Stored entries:
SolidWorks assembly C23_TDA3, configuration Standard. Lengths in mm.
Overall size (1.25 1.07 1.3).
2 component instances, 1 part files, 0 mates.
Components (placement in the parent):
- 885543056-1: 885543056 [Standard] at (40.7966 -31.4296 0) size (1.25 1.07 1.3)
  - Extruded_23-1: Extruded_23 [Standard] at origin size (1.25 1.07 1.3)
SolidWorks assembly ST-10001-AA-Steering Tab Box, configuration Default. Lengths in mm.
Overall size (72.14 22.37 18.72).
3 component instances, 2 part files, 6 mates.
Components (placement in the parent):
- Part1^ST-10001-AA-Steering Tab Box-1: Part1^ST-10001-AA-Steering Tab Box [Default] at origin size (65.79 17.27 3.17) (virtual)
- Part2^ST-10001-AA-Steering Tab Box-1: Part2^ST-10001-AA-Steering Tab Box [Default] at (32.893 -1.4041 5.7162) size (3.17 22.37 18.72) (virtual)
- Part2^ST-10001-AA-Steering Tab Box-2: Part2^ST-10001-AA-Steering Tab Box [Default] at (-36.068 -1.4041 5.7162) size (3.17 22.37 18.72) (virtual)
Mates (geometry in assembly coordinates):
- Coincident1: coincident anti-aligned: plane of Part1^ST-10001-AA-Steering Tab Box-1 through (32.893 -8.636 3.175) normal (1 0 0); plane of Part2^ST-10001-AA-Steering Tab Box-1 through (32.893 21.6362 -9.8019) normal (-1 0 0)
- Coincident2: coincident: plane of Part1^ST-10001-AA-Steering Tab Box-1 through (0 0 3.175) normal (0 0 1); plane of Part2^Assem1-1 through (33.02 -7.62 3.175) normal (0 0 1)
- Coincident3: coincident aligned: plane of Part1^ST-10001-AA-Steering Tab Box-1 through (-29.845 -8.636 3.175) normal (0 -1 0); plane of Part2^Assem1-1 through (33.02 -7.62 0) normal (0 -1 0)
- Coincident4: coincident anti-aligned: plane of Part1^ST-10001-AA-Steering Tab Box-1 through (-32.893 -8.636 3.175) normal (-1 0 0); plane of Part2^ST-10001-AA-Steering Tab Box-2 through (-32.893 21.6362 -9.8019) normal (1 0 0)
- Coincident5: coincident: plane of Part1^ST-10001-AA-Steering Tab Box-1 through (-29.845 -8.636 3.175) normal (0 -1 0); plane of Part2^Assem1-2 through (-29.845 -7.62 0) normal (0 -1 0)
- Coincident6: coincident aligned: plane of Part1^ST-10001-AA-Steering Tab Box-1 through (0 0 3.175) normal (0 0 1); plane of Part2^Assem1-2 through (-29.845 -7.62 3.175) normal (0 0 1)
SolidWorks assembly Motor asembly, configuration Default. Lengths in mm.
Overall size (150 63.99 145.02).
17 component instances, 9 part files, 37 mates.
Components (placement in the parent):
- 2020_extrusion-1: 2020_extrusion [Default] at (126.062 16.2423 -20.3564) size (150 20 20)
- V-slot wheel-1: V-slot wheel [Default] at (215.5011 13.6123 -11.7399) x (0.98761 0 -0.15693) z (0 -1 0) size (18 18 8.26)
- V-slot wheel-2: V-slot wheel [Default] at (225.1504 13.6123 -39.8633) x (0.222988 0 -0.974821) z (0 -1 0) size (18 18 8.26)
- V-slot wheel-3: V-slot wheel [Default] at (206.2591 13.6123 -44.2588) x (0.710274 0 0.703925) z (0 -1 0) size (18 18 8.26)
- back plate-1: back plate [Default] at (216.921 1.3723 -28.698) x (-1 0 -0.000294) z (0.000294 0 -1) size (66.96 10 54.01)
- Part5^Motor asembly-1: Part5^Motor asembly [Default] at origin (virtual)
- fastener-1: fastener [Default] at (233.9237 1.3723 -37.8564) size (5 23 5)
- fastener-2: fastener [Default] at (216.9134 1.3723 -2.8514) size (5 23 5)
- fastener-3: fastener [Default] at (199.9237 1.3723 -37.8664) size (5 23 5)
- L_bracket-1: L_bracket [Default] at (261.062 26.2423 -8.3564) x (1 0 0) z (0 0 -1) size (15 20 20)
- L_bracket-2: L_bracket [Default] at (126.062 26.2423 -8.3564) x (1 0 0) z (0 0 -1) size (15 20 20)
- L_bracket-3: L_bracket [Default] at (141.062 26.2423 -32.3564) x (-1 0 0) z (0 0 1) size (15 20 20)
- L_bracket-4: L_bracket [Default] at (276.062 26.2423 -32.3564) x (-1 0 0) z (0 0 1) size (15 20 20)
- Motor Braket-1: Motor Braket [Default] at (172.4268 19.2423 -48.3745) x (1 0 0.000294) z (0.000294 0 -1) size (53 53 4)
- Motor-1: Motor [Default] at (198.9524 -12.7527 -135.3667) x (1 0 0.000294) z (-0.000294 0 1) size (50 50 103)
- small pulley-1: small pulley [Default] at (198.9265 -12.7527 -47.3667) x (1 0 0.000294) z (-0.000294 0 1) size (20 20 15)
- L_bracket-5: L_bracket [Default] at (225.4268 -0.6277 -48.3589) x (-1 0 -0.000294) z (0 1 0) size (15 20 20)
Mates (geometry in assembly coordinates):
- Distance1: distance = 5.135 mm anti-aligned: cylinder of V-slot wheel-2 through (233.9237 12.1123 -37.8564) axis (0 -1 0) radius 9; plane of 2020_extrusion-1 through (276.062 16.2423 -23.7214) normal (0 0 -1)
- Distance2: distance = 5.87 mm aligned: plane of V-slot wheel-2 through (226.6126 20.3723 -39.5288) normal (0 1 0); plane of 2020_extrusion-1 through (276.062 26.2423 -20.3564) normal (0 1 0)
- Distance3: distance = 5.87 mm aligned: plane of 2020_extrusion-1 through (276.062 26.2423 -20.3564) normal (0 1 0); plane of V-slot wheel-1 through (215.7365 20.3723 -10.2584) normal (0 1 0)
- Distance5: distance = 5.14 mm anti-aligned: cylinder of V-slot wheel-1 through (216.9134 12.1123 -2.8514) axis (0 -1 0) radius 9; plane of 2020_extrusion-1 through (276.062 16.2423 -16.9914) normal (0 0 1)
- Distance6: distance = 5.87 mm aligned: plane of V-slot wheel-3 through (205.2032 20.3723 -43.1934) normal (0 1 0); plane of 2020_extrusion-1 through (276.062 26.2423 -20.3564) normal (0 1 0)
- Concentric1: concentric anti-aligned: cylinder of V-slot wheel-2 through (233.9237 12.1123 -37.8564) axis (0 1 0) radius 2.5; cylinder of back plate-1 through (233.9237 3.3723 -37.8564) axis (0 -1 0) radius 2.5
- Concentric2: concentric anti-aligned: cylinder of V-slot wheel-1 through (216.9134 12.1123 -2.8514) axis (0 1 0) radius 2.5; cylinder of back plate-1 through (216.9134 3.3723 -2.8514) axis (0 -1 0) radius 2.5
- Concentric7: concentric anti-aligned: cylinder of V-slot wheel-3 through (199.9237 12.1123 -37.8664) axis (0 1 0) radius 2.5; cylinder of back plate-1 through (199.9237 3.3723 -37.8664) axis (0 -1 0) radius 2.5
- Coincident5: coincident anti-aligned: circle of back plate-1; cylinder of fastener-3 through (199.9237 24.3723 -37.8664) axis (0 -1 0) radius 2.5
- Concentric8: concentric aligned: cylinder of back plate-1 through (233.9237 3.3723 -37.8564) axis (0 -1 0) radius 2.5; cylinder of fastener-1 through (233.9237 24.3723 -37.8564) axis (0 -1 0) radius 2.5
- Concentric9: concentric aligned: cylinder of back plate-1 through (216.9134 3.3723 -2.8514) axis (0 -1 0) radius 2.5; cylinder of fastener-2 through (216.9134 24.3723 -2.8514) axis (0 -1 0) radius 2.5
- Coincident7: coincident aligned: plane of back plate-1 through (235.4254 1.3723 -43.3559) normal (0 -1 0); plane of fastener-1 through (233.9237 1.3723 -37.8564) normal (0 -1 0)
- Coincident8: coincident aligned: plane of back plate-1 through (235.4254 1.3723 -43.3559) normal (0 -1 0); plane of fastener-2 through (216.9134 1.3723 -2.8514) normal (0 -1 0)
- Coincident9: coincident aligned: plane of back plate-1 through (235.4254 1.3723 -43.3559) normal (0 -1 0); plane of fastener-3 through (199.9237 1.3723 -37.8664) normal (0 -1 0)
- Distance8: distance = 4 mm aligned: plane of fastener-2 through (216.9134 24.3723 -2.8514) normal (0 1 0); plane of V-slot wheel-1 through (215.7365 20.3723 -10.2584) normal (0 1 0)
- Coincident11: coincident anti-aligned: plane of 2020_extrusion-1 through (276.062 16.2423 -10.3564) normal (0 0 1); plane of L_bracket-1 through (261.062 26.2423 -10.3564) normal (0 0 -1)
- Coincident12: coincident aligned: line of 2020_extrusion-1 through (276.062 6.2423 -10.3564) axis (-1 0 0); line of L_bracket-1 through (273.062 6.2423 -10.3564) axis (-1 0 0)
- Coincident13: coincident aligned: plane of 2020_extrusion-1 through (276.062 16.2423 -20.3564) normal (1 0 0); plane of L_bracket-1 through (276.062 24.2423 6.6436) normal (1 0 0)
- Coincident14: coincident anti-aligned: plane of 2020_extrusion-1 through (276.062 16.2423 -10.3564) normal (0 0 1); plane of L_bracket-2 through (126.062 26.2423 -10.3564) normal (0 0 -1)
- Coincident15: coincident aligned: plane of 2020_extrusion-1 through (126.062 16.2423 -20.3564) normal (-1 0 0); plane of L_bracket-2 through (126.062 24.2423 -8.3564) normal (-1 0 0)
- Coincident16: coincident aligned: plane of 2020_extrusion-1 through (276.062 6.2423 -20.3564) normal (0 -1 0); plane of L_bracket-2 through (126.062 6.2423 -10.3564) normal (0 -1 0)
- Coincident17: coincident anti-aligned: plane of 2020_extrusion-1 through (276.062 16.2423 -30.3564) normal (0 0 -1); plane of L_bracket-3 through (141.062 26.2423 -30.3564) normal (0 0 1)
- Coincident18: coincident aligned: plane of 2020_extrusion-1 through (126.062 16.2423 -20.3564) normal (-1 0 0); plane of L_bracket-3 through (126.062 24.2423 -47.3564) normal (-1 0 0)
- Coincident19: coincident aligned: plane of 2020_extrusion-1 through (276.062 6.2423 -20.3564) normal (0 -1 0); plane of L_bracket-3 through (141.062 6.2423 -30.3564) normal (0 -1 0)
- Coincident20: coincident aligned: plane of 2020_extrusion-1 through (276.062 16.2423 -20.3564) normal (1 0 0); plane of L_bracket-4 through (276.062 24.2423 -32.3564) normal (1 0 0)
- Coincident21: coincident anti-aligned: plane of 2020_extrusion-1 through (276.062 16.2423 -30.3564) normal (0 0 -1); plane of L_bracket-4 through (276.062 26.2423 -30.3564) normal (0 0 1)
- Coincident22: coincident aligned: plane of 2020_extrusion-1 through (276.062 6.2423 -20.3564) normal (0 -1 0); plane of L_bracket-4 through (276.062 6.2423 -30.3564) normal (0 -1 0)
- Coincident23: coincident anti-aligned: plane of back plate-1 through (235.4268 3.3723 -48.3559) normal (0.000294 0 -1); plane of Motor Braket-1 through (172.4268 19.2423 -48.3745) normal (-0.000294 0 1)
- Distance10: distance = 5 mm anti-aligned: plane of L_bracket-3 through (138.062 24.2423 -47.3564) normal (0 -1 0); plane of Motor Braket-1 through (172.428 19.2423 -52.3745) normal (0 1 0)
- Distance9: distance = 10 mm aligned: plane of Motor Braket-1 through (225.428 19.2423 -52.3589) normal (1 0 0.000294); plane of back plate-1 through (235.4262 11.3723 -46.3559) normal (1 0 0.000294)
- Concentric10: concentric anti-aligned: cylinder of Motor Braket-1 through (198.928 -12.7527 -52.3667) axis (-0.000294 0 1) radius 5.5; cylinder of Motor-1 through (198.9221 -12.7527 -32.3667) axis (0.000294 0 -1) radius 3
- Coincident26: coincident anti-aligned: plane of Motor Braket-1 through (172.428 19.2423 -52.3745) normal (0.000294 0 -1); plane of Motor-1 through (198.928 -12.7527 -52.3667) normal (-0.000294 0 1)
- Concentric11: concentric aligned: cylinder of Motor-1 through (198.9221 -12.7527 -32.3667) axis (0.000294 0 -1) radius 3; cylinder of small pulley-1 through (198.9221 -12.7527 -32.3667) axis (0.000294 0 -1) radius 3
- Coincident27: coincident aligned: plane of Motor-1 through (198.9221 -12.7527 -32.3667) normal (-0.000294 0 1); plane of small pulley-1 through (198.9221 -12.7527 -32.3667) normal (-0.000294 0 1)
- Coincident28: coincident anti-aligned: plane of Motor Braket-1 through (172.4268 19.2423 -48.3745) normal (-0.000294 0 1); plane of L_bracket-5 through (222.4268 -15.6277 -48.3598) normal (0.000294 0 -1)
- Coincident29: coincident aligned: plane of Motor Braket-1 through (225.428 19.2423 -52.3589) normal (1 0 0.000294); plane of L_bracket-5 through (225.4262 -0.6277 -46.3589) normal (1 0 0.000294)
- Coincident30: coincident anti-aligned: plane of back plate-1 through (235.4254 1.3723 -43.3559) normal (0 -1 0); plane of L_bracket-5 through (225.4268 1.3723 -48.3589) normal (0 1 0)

Task - A single figure is the whole answer here: the number of lines in the records above that include "pulley".

Solution to the exercise - 3